Before and after enhancing
One of the coolest things about editing photos in the cloud is that you can make changes to photos that you have shared. In the good old days, once you emailed a photo to someone, that was it.   Now, you can continue to mess with the cropping, filters, and all that whenever you feel like it -- and everyone will see all the changes.

5) The Google Photos Assistant

Imagine if you would, someone is actually helping you with all your photos. Wouldn't that be nice? Well, Google Photos Assistant is a powerful artificial intelligence agent that constantly looks through your photos to come up with various new creations.   These creations can be in the form of
  • Montages - creates a single new image from a variety of related still images.
  • Flip-book videos - creates a video from photos that were taken in a burst mode.
  • Panoramic stitching - automatically joins a number of images into a single wide panorama.
  • Music slideshows - uses similar photos and videos to create a video slideshow with music.
  • Auto-awesome stylings - cool renderings of your images, such as picking one that would look great in black and white.
  • Rediscover this day - Surfaces photo montages on a regular basis from various years ago on today's date. 
  • Stories - puts the best shots from a few days into a story form -- great for road trips.
All of these bring additional new life to your family's photo treasures.

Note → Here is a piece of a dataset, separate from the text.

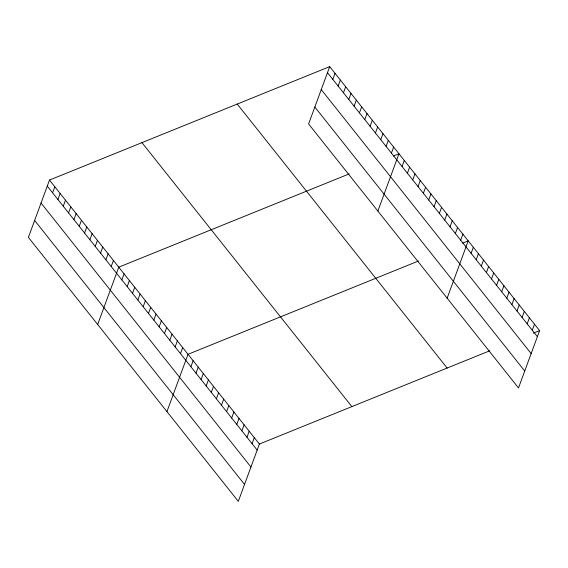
<?xml version="1.0" encoding="UTF-8"?>
<svg xmlns="http://www.w3.org/2000/svg" width="568" height="568" viewBox="0 0 568 568"><rect width="100%" height="100%" fill="white"/><g stroke="black" fill="none" stroke-linecap="round" stroke-linejoin="round"><path stroke-width="0.85" d="M329.696 66.633L308.609 123.959L518.506 387.937L539.6 330.619L329.696 66.633L49.494 180.063L28.4 237.381L238.304 501.366L259.391 444.041L489.808 350.768M52.597 192.808L54.819 186.758M57.922 199.51L60.144 193.461M63.254 206.205L65.476 200.163M68.579 212.908L70.801 206.866M73.911 219.61L76.133 213.568M79.236 226.312L81.458 220.27M84.568 233.015L86.79 226.966M89.893 239.71L92.115 233.668M95.218 246.413L97.447 240.37M100.55 253.115L102.772 247.073M105.875 259.817L108.105 253.775M111.207 266.52L113.43 260.471M97.668 324.498L118.762 267.173L349.178 173.9M121.864 279.917L124.087 273.875M127.189 286.62L129.412 280.578M132.522 293.322L134.744 287.28M137.846 300.025L140.069 293.976M143.179 306.727L145.401 300.678M148.504 313.422L150.726 307.38M153.836 320.125L156.058 314.083M159.161 326.827L161.383 320.785M164.486 333.53L166.715 327.48M169.818 340.232L172.04 334.183M175.143 346.927L177.372 340.885M180.475 353.63L182.697 347.588M166.935 411.608L188.029 354.29L418.446 261.017M190.898 366.743L193.127 360.701M195.995 373.155L198.225 367.113M201.093 379.566L203.316 373.524M206.191 385.977L208.413 379.935M211.289 392.389L213.511 386.339M332.805 79.378L335.028 73.336M216.387 398.8L218.609 392.751M338.13 86.08L340.353 80.038M221.484 405.211L223.707 399.162M343.462 92.783L345.685 86.741M226.582 411.623L228.805 405.573M231.68 418.034L233.902 411.985M348.787 99.485L351.01 93.436M236.778 424.445L239 418.396M354.112 106.188L356.342 100.138M241.876 430.849L244.098 424.807M359.445 112.883L361.667 106.841M246.974 437.261L249.196 431.219M364.77 119.585L366.999 113.543M252.071 443.672L254.294 437.63M370.102 126.288L372.324 120.246M375.427 132.99L377.656 126.941M380.759 139.692L382.981 133.643M386.084 146.388L388.306 140.346M391.416 153.09L393.638 147.048M377.876 211.069L398.963 153.75L393.432 155.987M402.073 166.495L404.295 160.453M407.398 173.197L409.62 167.148M412.73 179.893L414.952 173.851M418.055 186.595L420.277 180.553M423.38 193.297L425.61 187.255M428.712 200L430.935 193.958M434.037 206.702L436.267 200.653M439.369 213.405L441.592 207.356M444.694 220.1L446.924 214.058M450.026 226.802L452.249 220.76M455.351 233.505L457.574 227.463M460.683 240.207L462.906 234.158M447.144 298.186L468.231 240.86L462.7 243.104M471.106 253.321L473.329 247.272M476.204 259.725L478.426 253.683M481.302 266.136L483.524 260.094M486.4 272.548L488.622 266.506M491.498 278.959L493.72 272.917M496.595 285.37L498.818 279.328M501.693 291.782L503.915 285.739M506.791 298.193L509.013 292.151M511.889 304.604L514.111 298.562M516.986 311.015L519.209 304.973M522.084 317.427L524.307 311.385M527.182 323.838L529.404 317.796M532.28 330.249L534.502 324.207M533.274 333.175L539.6 330.619M327.473 72.683L537.378 336.661M321.247 89.602L531.151 353.58M314.835 107.04L524.733 371.018M237.232 104.065L447.13 368.043M141.957 142.632L351.862 406.61M49.494 180.063L259.391 444.041M47.265 186.105L257.169 450.083M41.038 203.024L250.942 467.01M34.627 220.462L244.531 484.44"/></g></svg>

Google Photos's Missing Features 

When all is said and done, Google Photos is really useful for genealogy and a quality tool to have in your genealogical bag of tricks.  Now, just in case someone from Google is reading this, here's a list of things that still need to be improved upon or added to make Google Photos even better!
  • Tag Editing - such as people, places, and things. Google does an awesome job of automatically tagging images so that Google's powerful search tools work really well. However, I'd like to name some of the faces they've tagged as the same -- and edit, add, or remove tags that have been automatically added.  Note, you can change the filename and date of images using the Editor.
  • Find all photos like this one - find one photo and then have Google Photos pull all the similar ones.
  • Find all photos taken with this one - I sometimes need to find all the photos taken on the same date as the photo I have found using the search tool -- I can't seem to find a way to do this. Clicking on a date seems to be logical if there was a date displayed. 
  • Collaboration Albums - it would be great to have a multi-sharing option so that multiple people that can upload and collaborate within a single album.
  • Comments - so people can explain who people are...  Google+ photos has these commenting features, and they are invaluable as a collaboration tool to get the right people identified in each photograph.
  • Duplicates - I think that Google Photos handles exact duplicate, but I have found that I have duplicate of different sizes. I want only the higher-resolution one to remain, and all the smaller ones merged. That should not be automatic, but there should be a find duplicates option. 
  • Copies - On the flip side of that, I do like making copies before I do a bunch of cropping and stylizing. I also want a duplicate feature. I did finally find the "Save copy" feature in the sub-menu after you are in edit mode. That's a little weird; I'd expect it at the top after I select the image. 
  • Cleaning Tools - more editing tools for dust/scratches and spot healing. I use these all the time for those super old genealogical treasures. 
  • Ordering - I can not figure out how to change the way images are ordered in albums. It sort of seems like they are ordered by date. I'd like an option to sort by name, date, tags, or manually. 
  • Consistency - keeping the feature set consistant between all the supported platforms is hard, trust me I know. It is important, as many of us use multiple devices. Android phones and Windows machines for work, iPads at Macs at home for fun.